# Your instructions
Please copy, exactly as written, the span from the first line below to the line that contains "for name, color, linetype, lineweight", including both, and skip the pictures.

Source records
——————————
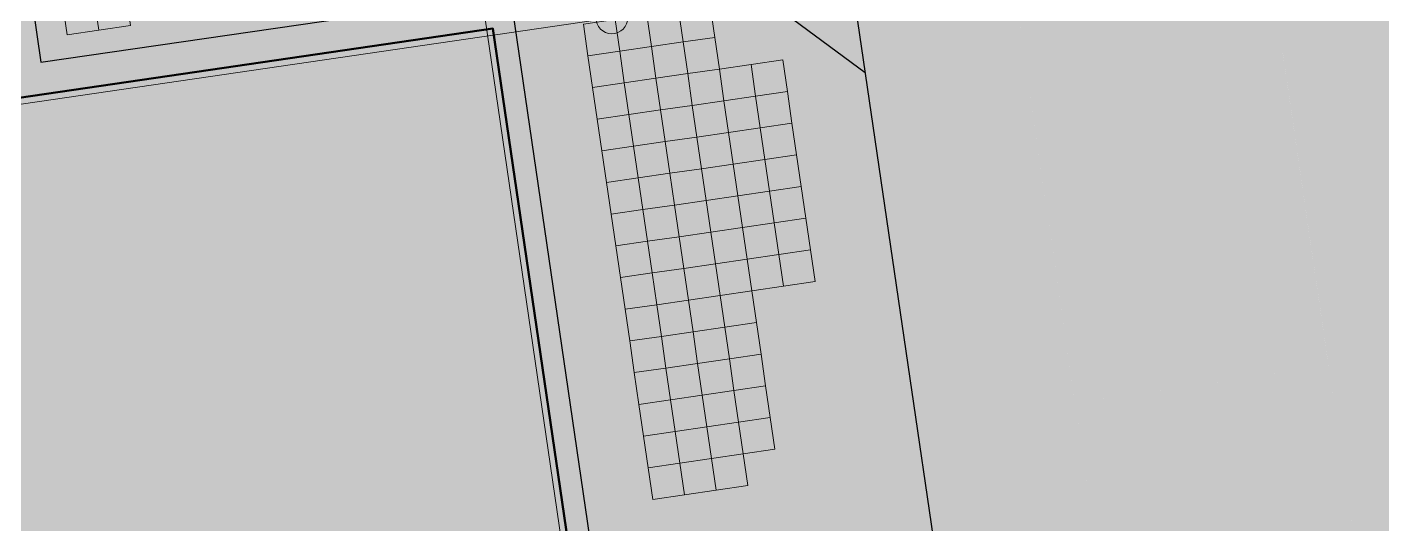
# Model space of a CAD drawing. Header units: metres. Extents: x 2 to 659295185, y -28 to 1124222152.
# Drawn here: x 656917.95 to 656960.29, y 1124436.9 to 1124452.45 of the extents above; entities that cross this region are included whole.
import ezdxf

# ---------------------------------------------------------------- set-up
doc = ezdxf.new("R2010")
doc.units = ezdxf.units.M
doc.header["$MEASUREMENT"] = 0
for name, color, linetype, lineweight in [("a''brocal", 220, 'CONTINUOUS', 15), ('area verde', 76, 'CONTINUOUS', 13), ('ESCUELA', 7, 'CONTINUOUS', 15)]:
    doc.layers.add(name, color=color, linetype=linetype, lineweight=lineweight)
doc.layers.add('AREA ACERA', color=7, linetype='CONTINUOUS', lineweight=15, true_color=0xfbe193)
doc.layers.add('parcela simoncito', color=7, linetype='CONTINUOUS', lineweight=9, true_color=0xe9debe)
doc.linetypes.add('FENCELINE2', pattern='A,0.25,-0.1,[132,ltypeshp.shx,S=0.1,R=0,X=-0.1,Y=0],-0.1,1', length=1.45)

# ---------------------------------------------------------------- blocks, each defined once
blk = doc.blocks.new('simoncito')
at = {"layer": 'ESCUELA', "linetype": 'Continuous', "lineweight": 0}
blk.add_hatch(color=252, dxfattribs=at).paths.add_polyline_path([(-455.6, -2173.202), (-495.36, -2173.202), (-495.361, -2154.802), (-458.961, -2154.802), (-458.961, -2162.022), (-455.601, -2162.022)])
at = {"layer": 'ESCUELA', "color": 5, "linetype": 'Continuous', "lineweight": 30}
blk.add_lwpolyline([(-455.887, -2173.202), (-455.89, -2176.921), (-481.237, -2176.912), (-481.237, -2174.202), (-496.047, -2174.202), (-496.046, -2153.802), (-458.847, -2153.802), (-458.847, -2161.022), (-455.887, -2161.022), (-455.887, -2162.022)], dxfattribs=at)
at = {"layer": 'ESCUELA', "color": 1, "linetype": 'Continuous', "lineweight": 0}
for points in [[(-495.161, -2153.802), (-495.161, -2175.418)], [(-498.581, -2173.002), (-455.601, -2173.001)]]:
    blk.add_lwpolyline(points, dxfattribs=at)
at = {"layer": 'ESCUELA', "linetype": 'Continuous', "lineweight": 0}
blk.add_lwpolyline([(-455.6, -2173.202), (-495.36, -2173.202), (-495.361, -2154.802), (-458.961, -2154.802), (-458.961, -2162.022), (-455.601, -2162.022), (-455.6, -2173.202)], dxfattribs=at)
at = {"layer": 'ESCUELA', "linetype": 'Continuous', "lineweight": 50}
blk.add_lwpolyline([(-458.961, -2154.802), (-495.361, -2154.802), (-495.36, -2173.202), (-455.6, -2173.201), (-455.601, -2162.022), (-458.961, -2162.022), (-458.961, -2154.802)], dxfattribs=at)
at = {"layer": 'ESCUELA', "color": 1, "linetype": 'Continuous', "lineweight": 0}
blk.add_circle((-499.081, -2173.002), 0.5, dxfattribs=at)

msp = doc.modelspace()

# ---------------------------------------------------------------- hatches: boundary and pattern name
at = {"layer": 'AREA ACERA'}
h = msp.add_hatch(color=256, dxfattribs=at)
h.dxf.hatch_style = 1
h.paths.add_polyline_path([(656965.1327, 1124431.7023), (656957.8863, 1124481.2701), (656952.939, 1124480.5468), (656956.8433, 1124453.8433), (656957.4705, 1124449.5534), (656959.2433, 1124437.4283), (656959.871, 1124433.1337), (656960.1859, 1124430.981)])
edge = h.paths.add_edge_path()
edge.add_line((656943.0441, 1124479.1002), (656940.0757, 1124478.6661))
edge.add_line((656940.0757, 1124478.6661), (656947.3232, 1124429.0984))
edge.add_line((656947.3232, 1124429.0984), (656950.2905, 1124429.5323))
edge.add_line((656950.2905, 1124429.5323), (656947.085, 1124451.4477))
edge.add_line((656947.085, 1124451.4477), (656950.7641, 1124456.367))
edge.add_line((656950.7641, 1124456.367), (656948.9891, 1124468.4973))
edge.add_line((656948.9891, 1124468.4973), (656944.0576, 1124472.1564))
edge.add_line((656944.0576, 1124472.1564), (656943.0441, 1124479.1002))
edge.add_line((656943.0441, 1124479.1002), (656940.0757, 1124478.6661))
h = msp.add_hatch(color=256, dxfattribs=at)
h.dxf.hatch_style = 1
h.paths.add_polyline_path([(656940.0757, 1124478.6659), (656947.3232, 1124429.0983), (656952.27, 1124429.8235), (656949.0661, 1124451.7372), (656948.439, 1124456.0269), (656946.6654, 1124468.1574), (656946.0384, 1124472.4458), (656945.0232, 1124479.3894)])
h = msp.add_hatch(color=256, dxfattribs=at)
h.dxf.hatch_style = 1
h.paths.add_polyline_path([(656954.5407, 1124469.5859), (656946.6259, 1124468.4287), (656948.0738, 1124458.5253), (656955.9886, 1124459.6825)])
h.paths.add_polyline_path([(656957.146, 1124451.7667), (656949.2312, 1124450.6095), (656950.6791, 1124440.7061), (656958.5939, 1124441.8633)])
at = {"layer": 'area verde'}
h = msp.add_hatch(color=256, dxfattribs=at)
h.dxf.hatch_style = 1
h.paths.add_polyline_path([(656946.6257, 1124468.4287), (656954.5416, 1124469.5861), (656953.3728, 1124477.5804), (656945.4569, 1124476.423)])
h.paths.add_polyline_path([(656949.231, 1124450.6095), (656957.1469, 1124451.7668), (656955.9895, 1124459.6826), (656948.0737, 1124458.5253)])
h.paths.add_polyline_path([(656958.5948, 1124441.8634), (656950.679, 1124440.706), (656951.8363, 1124432.7901), (656959.7522, 1124433.9475)])
at = {"layer": 'parcela simoncito'}
h = msp.add_hatch(color=256, dxfattribs=at)
edge = h.paths.add_edge_path()
edge.add_line((656940.076, 1124478.666), (656947.3231, 1124429.0983))
edge.add_line((656947.3231, 1124429.0983), (656892.3966, 1124421.0684))
edge.add_arc((656894.9753, 1124402.8929), 18.3574, 98.07524, 135.22316)
edge.add_line((656881.9442, 1124415.8229), (656874.1358, 1124469.0252))
edge.add_line((656874.1358, 1124469.0252), (656940.076, 1124478.666))

# ---------------------------------------------------------------- linework, layer by layer
at = {"layer": 'ESCUELA', "color": 1, "linetype": 'FENCELINE2', "lineweight": 30, "ltscale": 1.8, "elevation": 433.2399}
msp.add_lwpolyline([(656940.076, 1124478.666), (656947.3231, 1124429.0983), (656892.3966, 1124421.0684, 0.163523), (656881.9442, 1124415.8229), (656881.9442, 1124415.8229), (656874.1358, 1124469.0252), (656940.076, 1124478.666)], format="xyb", dxfattribs=at)
msp.add_lwpolyline([(656944.1197, 1124451.0131), (656944.1197, 1124451.0131), (656939.1851, 1124454.6743), (656938.2128, 1124461.3483)], dxfattribs=at)
at = {"layer": 'ESCUELA', "color": 248, "lineweight": 9, "ltscale": 100, "elevation": 433.2399}
for points in [[(656920.1886, 1124452.3478), (656920.0439, 1124453.3373), (656919.0545, 1124453.1927), (656919.1991, 1124452.2032)], [(656921.1781, 1124452.4924), (656921.0334, 1124453.4819), (656920.0439, 1124453.3373), (656920.1886, 1124452.3478)], [(656939.4228, 1124452.1266), (656939.2782, 1124453.1161), (656938.2887, 1124452.9715), (656938.4333, 1124451.982)], [(656936.4543, 1124451.6927), (656936.3097, 1124452.6822), (656935.3202, 1124452.5376), (656935.4648, 1124451.5481)], [(656937.4438, 1124451.8373), (656937.2992, 1124452.8268), (656936.3097, 1124452.6822), (656936.4543, 1124451.6927)], [(656938.4333, 1124451.982), (656938.2887, 1124452.9715), (656937.2992, 1124452.8268), (656937.4438, 1124451.8374)], [(656937.5884, 1124450.8479), (656937.4438, 1124451.8374), (656936.4543, 1124451.6927), (656936.5989, 1124450.7032)], [(656938.5779, 1124450.9925), (656938.4333, 1124451.982), (656937.4438, 1124451.8374), (656937.5884, 1124450.8479)], [(656939.5674, 1124451.1371), (656939.4228, 1124452.1266), (656938.4333, 1124451.982), (656938.5779, 1124450.9925)], [(656936.5989, 1124450.7032), (656936.4543, 1124451.6927), (656935.4648, 1124451.5481), (656935.6095, 1124450.5586)], [(656941.691, 1124450.4369), (656941.5464, 1124451.4264), (656940.5569, 1124451.2818), (656940.7015, 1124450.2923)], [(656938.7225, 1124450.003), (656938.5779, 1124450.9925), (656937.5884, 1124450.8479), (656937.7331, 1124449.8584)], [(656939.712, 1124450.1476), (656939.5674, 1124451.1371), (656938.5779, 1124450.9925), (656938.7225, 1124450.003)], [(656940.7015, 1124450.2923), (656940.5569, 1124451.2818), (656939.5674, 1124451.1371), (656939.712, 1124450.1476)], [(656936.7436, 1124449.7138), (656936.5989, 1124450.7032), (656935.6095, 1124450.5586), (656935.7541, 1124449.5691)], [(656937.7331, 1124449.8584), (656937.5884, 1124450.8479), (656936.5989, 1124450.7032), (656936.7436, 1124449.7138)], [(656939.8567, 1124449.1582), (656939.712, 1124450.1476), (656938.7225, 1124450.003), (656938.8672, 1124449.0135)], [(656940.8461, 1124449.3028), (656940.7015, 1124450.2923), (656939.712, 1124450.1476), (656939.8567, 1124449.1582)], [(656941.8356, 1124449.4474), (656941.691, 1124450.4369), (656940.7015, 1124450.2923), (656940.8461, 1124449.3028)], [(656936.8882, 1124448.7243), (656936.7436, 1124449.7138), (656935.7541, 1124449.5691), (656935.8987, 1124448.5796)], [(656937.8777, 1124448.8689), (656937.7331, 1124449.8584), (656936.7436, 1124449.7138), (656936.8882, 1124448.7243)], [(656938.8672, 1124449.0135), (656938.7225, 1124450.003), (656937.7331, 1124449.8584), (656937.8777, 1124448.8689)], [(656940.9908, 1124448.3133), (656940.8461, 1124449.3028), (656939.8567, 1124449.1582), (656940.0013, 1124448.1687)], [(656941.9802, 1124448.4579), (656941.8356, 1124449.4474), (656940.8461, 1124449.3028), (656940.9908, 1124448.3133)], [(656938.0223, 1124447.8794), (656937.8777, 1124448.8689), (656936.8882, 1124448.7243), (656937.0328, 1124447.7348)], [(656939.0118, 1124448.0241), (656938.8672, 1124449.0135), (656937.8777, 1124448.8689), (656938.0223, 1124447.8794)], [(656940.0013, 1124448.1687), (656939.8567, 1124449.1582), (656938.8672, 1124449.0135), (656939.0118, 1124448.0241)], [(656937.0328, 1124447.7348), (656936.8882, 1124448.7243), (656935.8987, 1124448.5797), (656936.0433, 1124447.5902)], [(656942.1249, 1124447.4685), (656941.9802, 1124448.4579), (656940.9908, 1124448.3133), (656941.1354, 1124447.3238)], [(656939.1564, 1124447.0346), (656939.0118, 1124448.0241), (656938.0223, 1124447.8794), (656938.1669, 1124446.8899)], [(656940.1459, 1124447.1792), (656940.0013, 1124448.1687), (656939.0118, 1124448.0241), (656939.1564, 1124447.0346)], [(656941.1354, 1124447.3238), (656940.9908, 1124448.3133), (656940.0013, 1124448.1687), (656940.1459, 1124447.1792)], [(656937.1774, 1124446.7453), (656937.0328, 1124447.7348), (656936.0433, 1124447.5902), (656936.188, 1124446.6007)], [(656938.1669, 1124446.8899), (656938.0223, 1124447.8794), (656937.0328, 1124447.7348), (656937.1774, 1124446.7453)], [(656940.2905, 1124446.1897), (656940.1459, 1124447.1792), (656939.1564, 1124447.0346), (656939.301, 1124446.0451)], [(656941.28, 1124446.3343), (656941.1354, 1124447.3238), (656940.1459, 1124447.1792), (656940.2905, 1124446.1897)], [(656942.2695, 1124446.479), (656942.1249, 1124447.4685), (656941.1354, 1124447.3238), (656941.28, 1124446.3343)], [(656937.3221, 1124445.7558), (656937.1774, 1124446.7453), (656936.188, 1124446.6007), (656936.3326, 1124445.6112)], [(656938.3116, 1124445.9005), (656938.1669, 1124446.89), (656937.1774, 1124446.7453), (656937.3221, 1124445.7558)], [(656939.301, 1124446.0451), (656939.1564, 1124447.0346), (656938.1669, 1124446.8899), (656938.3116, 1124445.9005)], [(656941.4246, 1124445.3449), (656941.28, 1124446.3343), (656940.2905, 1124446.1897), (656940.4351, 1124445.2002)], [(656942.4141, 1124445.4895), (656942.2695, 1124446.479), (656941.28, 1124446.3343), (656941.4246, 1124445.3449)], [(656938.4562, 1124444.911), (656938.3116, 1124445.9005), (656937.3221, 1124445.7558), (656937.4667, 1124444.7664)], [(656939.4457, 1124445.0556), (656939.301, 1124446.0451), (656938.3116, 1124445.9005), (656938.4562, 1124444.911)], [(656940.4351, 1124445.2002), (656940.2905, 1124446.1897), (656939.301, 1124446.0451), (656939.4457, 1124445.0556)], [(656937.4667, 1124444.7664), (656937.3221, 1124445.7558), (656936.3326, 1124445.6112), (656936.4772, 1124444.6217)], [(656942.5587, 1124444.5), (656942.4141, 1124445.4895), (656941.4246, 1124445.3449), (656941.5693, 1124444.3554)], [(656939.5903, 1124444.0661), (656939.4457, 1124445.0556), (656938.4562, 1124444.911), (656938.6008, 1124443.9215)], [(656940.5798, 1124444.2107), (656940.4351, 1124445.2002), (656939.4457, 1124445.0556), (656939.5903, 1124444.0661)], [(656941.5693, 1124444.3554), (656941.4246, 1124445.3449), (656940.4351, 1124445.2002), (656940.5798, 1124444.2107)], [(656937.6113, 1124443.7769), (656937.4667, 1124444.7664), (656936.4772, 1124444.6217), (656936.6218, 1124443.6322)], [(656938.6008, 1124443.9215), (656938.4562, 1124444.911), (656937.4667, 1124444.7664), (656937.6113, 1124443.7769)], [(656940.7244, 1124443.2213), (656940.5798, 1124444.2107), (656939.5903, 1124444.0661), (656939.7349, 1124443.0766)], [(656937.7559, 1124442.7874), (656937.6113, 1124443.7769), (656936.6218, 1124443.6323), (656936.7665, 1124442.6428)], [(656938.7454, 1124442.932), (656938.6008, 1124443.9215), (656937.6113, 1124443.7769), (656937.7559, 1124442.7874)], [(656939.7349, 1124443.0766), (656939.5903, 1124444.0661), (656938.6008, 1124443.9215), (656938.7454, 1124442.932)], [(656938.89, 1124441.9425), (656938.7454, 1124442.932), (656937.7559, 1124442.7874), (656937.9006, 1124441.7979)], [(656939.8795, 1124442.0872), (656939.7349, 1124443.0766), (656938.7454, 1124442.932), (656938.89, 1124441.9425)], [(656940.869, 1124442.2318), (656940.7244, 1124443.2213), (656939.7349, 1124443.0766), (656939.8795, 1124442.0872)], [(656937.9006, 1124441.7979), (656937.7559, 1124442.7874), (656936.7665, 1124442.6428), (656936.9111, 1124441.6533)], [(656940.0242, 1124441.0977), (656939.8795, 1124442.0872), (656938.89, 1124441.9425), (656939.0347, 1124440.953)], [(656941.0136, 1124441.2423), (656940.869, 1124442.2318), (656939.8795, 1124442.0872), (656940.0242, 1124441.0977)], [(656938.0452, 1124440.8084), (656937.9006, 1124441.7979), (656936.9111, 1124441.6533), (656937.0557, 1124440.6638)], [(656939.0347, 1124440.9531), (656938.89, 1124441.9425), (656937.9006, 1124441.7979), (656938.0452, 1124440.8084)], [(656941.1583, 1124440.2528), (656941.0136, 1124441.2423), (656940.0242, 1124441.0977), (656940.1688, 1124440.1082)], [(656938.1898, 1124439.8189), (656938.0452, 1124440.8084), (656937.0557, 1124440.6638), (656937.2003, 1124439.6743)], [(656939.1793, 1124439.9636), (656939.0347, 1124440.9531), (656938.0452, 1124440.8084), (656938.1898, 1124439.8189)], [(656940.1688, 1124440.1082), (656940.0242, 1124441.0977), (656939.0347, 1124440.9531), (656939.1793, 1124439.9636)], [(656939.3239, 1124438.9741), (656939.1793, 1124439.9636), (656938.1898, 1124439.819), (656938.3344, 1124438.8295)], [(656940.3134, 1124439.1187), (656940.1688, 1124440.1082), (656939.1793, 1124439.9636), (656939.3239, 1124438.9741)], [(656941.3029, 1124439.2633), (656941.1583, 1124440.2528), (656940.1688, 1124440.1082), (656940.3134, 1124439.1187)], [(656938.3344, 1124438.8295), (656938.1898, 1124439.8189), (656937.2003, 1124439.6743), (656937.3449, 1124438.6848)], [(656940.458, 1124438.1292), (656940.3134, 1124439.1187), (656939.3239, 1124438.9741), (656939.4685, 1124437.9846)], [(656938.4791, 1124437.84), (656938.3344, 1124438.8295), (656937.3449, 1124438.6848), (656937.4896, 1124437.6954)], [(656939.4685, 1124437.9846), (656939.3239, 1124438.9741), (656938.3344, 1124438.8295), (656938.4791, 1124437.84)]]:
    msp.add_lwpolyline(points, close=True, dxfattribs=at)

# ---------------------------------------------------------------- block references
at = {"layer": "a''brocal", "color": 4, "rotation": 188.317245710102}
msp.add_blockref('simoncito', (656756.7087, 1122230.3994, 433.2399), dxfattribs=at)

doc.saveas('drawing.dxf')
——————————
# Solution below
# Model space of a CAD drawing. Header units: metres. Extents: x 2 to 659295185, y -28 to 1124222152.
# Drawn here: x 656917.95 to 656960.29, y 1124436.9 to 1124452.45 of the extents above; entities that cross this region are included whole.
import ezdxf

# ---------------------------------------------------------------- set-up
doc = ezdxf.new("R2010")
doc.units = ezdxf.units.M
doc.header["$MEASUREMENT"] = 0
for name, color, linetype, lineweight in [("a''brocal", 220, 'CONTINUOUS', 15), ('area verde', 76, 'CONTINUOUS', 13), ('ESCUELA', 7, 'CONTINUOUS', 15)]:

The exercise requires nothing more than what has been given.